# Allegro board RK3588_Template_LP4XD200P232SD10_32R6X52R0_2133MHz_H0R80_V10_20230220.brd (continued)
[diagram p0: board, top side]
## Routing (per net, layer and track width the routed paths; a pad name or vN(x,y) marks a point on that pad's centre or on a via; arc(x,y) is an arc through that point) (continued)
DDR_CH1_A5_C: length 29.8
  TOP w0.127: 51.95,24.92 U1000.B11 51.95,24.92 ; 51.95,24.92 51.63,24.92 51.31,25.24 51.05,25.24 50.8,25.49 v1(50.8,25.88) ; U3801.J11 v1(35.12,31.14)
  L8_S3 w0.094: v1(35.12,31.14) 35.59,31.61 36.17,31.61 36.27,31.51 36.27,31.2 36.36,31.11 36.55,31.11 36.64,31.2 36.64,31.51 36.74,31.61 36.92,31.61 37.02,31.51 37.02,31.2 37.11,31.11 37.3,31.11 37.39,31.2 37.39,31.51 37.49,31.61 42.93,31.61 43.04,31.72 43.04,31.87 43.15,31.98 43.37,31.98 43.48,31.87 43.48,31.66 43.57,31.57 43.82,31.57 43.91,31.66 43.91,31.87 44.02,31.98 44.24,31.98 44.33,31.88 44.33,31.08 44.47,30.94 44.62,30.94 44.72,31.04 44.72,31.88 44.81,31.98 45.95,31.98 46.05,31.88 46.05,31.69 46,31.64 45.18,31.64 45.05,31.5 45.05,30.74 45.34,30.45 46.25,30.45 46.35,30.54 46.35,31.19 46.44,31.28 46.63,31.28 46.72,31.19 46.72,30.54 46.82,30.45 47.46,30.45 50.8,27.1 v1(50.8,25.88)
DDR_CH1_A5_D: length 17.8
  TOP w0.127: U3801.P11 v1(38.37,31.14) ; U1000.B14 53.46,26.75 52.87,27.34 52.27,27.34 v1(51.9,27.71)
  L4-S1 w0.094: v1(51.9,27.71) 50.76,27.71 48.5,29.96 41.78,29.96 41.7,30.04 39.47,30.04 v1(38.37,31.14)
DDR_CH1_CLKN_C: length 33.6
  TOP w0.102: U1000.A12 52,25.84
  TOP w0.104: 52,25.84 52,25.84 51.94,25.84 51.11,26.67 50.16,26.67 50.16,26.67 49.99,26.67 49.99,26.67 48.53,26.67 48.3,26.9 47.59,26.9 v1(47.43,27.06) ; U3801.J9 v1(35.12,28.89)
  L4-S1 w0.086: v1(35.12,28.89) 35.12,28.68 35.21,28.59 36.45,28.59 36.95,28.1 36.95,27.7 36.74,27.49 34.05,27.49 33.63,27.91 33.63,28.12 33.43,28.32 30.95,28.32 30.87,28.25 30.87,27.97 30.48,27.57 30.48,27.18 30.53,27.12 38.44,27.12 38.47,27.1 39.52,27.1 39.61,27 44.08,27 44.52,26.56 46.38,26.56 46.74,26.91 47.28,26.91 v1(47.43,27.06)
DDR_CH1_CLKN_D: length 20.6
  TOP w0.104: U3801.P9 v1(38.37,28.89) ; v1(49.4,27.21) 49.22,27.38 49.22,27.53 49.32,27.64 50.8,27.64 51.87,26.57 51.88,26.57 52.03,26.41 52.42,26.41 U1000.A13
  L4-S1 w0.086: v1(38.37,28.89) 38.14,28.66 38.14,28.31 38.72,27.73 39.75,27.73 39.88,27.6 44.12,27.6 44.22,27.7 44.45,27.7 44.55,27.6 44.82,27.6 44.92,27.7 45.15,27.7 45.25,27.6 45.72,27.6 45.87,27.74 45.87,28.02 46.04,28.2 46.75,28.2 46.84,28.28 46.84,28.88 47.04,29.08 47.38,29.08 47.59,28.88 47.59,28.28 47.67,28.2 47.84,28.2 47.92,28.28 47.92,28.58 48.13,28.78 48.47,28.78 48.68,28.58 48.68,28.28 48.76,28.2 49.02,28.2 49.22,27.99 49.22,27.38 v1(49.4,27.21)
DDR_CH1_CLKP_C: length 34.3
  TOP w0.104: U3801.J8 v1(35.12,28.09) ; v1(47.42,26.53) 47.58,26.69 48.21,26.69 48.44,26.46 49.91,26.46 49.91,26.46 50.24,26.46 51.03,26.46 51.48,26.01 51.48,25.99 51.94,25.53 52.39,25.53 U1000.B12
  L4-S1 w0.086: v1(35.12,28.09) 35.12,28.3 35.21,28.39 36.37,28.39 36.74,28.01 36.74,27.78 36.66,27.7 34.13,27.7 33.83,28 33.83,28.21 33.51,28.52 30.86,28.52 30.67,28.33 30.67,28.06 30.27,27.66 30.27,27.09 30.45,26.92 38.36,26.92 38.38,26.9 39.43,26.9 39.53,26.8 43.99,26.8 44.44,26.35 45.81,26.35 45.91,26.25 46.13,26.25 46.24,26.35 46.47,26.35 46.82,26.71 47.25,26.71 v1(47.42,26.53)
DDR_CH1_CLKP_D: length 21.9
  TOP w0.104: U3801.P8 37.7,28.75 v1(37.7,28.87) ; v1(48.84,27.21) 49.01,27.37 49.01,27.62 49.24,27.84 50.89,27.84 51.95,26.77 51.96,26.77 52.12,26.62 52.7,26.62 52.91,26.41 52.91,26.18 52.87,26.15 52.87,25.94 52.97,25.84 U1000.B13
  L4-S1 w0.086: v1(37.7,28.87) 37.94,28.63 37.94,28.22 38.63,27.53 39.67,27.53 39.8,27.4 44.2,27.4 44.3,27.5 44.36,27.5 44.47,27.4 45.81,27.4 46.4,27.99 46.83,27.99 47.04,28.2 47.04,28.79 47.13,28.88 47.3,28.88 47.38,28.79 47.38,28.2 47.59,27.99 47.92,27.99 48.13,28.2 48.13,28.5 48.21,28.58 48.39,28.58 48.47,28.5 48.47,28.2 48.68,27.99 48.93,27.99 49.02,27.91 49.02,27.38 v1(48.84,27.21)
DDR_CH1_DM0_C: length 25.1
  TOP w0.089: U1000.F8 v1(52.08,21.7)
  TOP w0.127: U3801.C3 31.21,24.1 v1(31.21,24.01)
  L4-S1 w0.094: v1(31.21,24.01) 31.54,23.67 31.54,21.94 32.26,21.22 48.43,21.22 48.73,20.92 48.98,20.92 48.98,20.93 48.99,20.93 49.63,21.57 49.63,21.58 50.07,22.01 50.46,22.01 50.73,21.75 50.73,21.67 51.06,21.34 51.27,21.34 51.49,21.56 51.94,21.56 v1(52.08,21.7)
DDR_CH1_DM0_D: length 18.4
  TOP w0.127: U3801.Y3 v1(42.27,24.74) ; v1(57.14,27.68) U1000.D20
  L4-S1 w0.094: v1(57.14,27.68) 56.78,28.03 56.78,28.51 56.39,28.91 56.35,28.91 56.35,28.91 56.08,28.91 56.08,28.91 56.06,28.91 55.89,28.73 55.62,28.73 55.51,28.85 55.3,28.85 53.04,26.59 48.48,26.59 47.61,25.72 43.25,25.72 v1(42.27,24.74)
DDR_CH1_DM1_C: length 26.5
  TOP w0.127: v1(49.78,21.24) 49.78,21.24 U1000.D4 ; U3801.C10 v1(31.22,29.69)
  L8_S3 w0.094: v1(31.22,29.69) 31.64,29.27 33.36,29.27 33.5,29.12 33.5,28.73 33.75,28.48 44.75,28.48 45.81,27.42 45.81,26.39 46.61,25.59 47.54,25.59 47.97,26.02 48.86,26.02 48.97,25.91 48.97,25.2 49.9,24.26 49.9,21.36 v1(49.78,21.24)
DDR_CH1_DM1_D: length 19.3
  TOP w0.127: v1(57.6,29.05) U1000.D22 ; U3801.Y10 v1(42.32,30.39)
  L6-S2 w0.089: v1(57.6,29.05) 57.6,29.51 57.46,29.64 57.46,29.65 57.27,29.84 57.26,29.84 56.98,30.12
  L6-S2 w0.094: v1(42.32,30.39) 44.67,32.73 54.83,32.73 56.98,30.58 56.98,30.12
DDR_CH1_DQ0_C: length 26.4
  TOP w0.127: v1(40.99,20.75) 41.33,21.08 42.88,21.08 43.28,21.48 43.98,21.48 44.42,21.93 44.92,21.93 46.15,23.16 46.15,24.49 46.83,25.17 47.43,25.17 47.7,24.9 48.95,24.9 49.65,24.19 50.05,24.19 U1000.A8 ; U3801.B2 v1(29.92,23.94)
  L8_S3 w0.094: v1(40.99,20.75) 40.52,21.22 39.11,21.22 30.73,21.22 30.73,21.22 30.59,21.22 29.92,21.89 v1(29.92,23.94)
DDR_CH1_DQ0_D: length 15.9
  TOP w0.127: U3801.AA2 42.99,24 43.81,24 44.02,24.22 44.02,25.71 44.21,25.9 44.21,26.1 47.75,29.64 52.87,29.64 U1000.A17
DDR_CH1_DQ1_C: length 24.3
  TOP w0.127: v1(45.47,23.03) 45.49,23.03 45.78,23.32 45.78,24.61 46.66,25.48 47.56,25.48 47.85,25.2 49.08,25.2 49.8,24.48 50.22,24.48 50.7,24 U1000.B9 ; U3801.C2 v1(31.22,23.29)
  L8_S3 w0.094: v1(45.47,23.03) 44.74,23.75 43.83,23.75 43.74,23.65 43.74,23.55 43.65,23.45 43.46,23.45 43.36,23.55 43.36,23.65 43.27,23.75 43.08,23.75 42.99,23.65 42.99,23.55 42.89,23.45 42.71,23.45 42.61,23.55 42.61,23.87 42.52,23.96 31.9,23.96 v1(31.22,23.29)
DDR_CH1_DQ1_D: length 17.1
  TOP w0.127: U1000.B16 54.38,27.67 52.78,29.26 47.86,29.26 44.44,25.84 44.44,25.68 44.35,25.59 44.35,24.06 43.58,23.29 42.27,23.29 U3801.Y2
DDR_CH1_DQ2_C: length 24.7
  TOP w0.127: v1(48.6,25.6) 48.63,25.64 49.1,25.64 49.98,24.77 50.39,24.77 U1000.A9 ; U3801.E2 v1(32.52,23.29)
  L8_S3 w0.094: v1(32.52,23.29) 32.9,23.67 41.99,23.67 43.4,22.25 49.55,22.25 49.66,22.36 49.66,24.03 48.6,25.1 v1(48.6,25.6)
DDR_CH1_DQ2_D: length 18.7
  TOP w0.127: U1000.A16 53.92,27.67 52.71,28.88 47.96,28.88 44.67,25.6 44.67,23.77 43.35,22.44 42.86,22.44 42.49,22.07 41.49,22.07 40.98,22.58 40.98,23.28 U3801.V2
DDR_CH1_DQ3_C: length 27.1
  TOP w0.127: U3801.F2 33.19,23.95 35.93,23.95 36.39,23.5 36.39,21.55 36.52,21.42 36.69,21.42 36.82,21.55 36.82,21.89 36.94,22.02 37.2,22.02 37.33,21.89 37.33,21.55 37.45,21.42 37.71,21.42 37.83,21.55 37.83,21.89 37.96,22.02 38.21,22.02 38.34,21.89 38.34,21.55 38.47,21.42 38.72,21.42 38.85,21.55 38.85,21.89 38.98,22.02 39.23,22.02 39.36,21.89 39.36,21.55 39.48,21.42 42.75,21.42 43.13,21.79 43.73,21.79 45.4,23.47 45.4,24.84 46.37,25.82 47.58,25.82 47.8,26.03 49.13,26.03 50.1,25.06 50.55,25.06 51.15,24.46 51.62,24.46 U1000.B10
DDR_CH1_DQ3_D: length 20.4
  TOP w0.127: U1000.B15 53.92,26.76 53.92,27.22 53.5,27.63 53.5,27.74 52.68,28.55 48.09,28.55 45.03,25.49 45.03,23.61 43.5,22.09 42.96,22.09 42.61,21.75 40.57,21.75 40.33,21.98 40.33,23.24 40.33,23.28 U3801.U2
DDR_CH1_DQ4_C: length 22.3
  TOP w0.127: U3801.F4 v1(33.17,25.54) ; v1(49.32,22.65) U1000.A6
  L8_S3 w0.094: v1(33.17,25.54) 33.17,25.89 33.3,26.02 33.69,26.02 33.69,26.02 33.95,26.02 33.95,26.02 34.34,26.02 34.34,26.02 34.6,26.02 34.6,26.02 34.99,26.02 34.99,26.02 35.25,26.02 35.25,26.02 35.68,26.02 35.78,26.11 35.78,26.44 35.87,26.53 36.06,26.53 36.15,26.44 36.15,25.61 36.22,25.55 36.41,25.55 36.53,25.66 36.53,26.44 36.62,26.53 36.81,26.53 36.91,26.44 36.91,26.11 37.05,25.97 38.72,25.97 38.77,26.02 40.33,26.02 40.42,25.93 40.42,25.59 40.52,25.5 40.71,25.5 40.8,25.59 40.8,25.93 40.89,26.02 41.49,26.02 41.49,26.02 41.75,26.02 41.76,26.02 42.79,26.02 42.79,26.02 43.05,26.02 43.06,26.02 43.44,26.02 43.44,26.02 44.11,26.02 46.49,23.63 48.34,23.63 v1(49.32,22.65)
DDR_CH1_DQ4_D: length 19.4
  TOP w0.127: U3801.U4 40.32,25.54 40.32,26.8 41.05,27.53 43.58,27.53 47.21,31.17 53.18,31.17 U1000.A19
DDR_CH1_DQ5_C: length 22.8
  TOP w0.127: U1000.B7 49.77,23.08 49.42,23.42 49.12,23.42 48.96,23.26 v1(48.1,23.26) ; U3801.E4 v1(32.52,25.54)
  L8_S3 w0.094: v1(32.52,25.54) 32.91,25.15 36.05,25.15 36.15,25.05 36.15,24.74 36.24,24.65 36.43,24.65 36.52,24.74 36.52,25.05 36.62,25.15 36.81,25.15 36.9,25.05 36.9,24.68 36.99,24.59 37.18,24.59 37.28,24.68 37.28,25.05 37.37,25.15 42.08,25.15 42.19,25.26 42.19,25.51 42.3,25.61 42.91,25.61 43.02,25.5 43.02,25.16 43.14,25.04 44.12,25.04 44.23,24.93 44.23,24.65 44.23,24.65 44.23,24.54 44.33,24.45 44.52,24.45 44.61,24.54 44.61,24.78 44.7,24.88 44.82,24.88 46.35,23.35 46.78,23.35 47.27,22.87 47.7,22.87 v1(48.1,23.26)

---*---

**What the exercise asks**.
Go through the material above and output exactly the lines from the one containing "L4-S1 w0.094: v1(31.21,24.01)" through the one containing "DDR_CH1_DM0_D: length 18.4".

**Written solution**.
  L4-S1 w0.094: v1(31.21,24.01) 31.54,23.67 31.54,21.94 32.26,21.22 48.43,21.22 48.73,20.92 48.98,20.92 48.98,20.93 48.99,20.93 49.63,21.57 49.63,21.58 50.07,22.01 50.46,22.01 50.73,21.75 50.73,21.67 51.06,21.34 51.27,21.34 51.49,21.56 51.94,21.56 v1(52.08,21.7)
DDR_CH1_DM0_D: length 18.4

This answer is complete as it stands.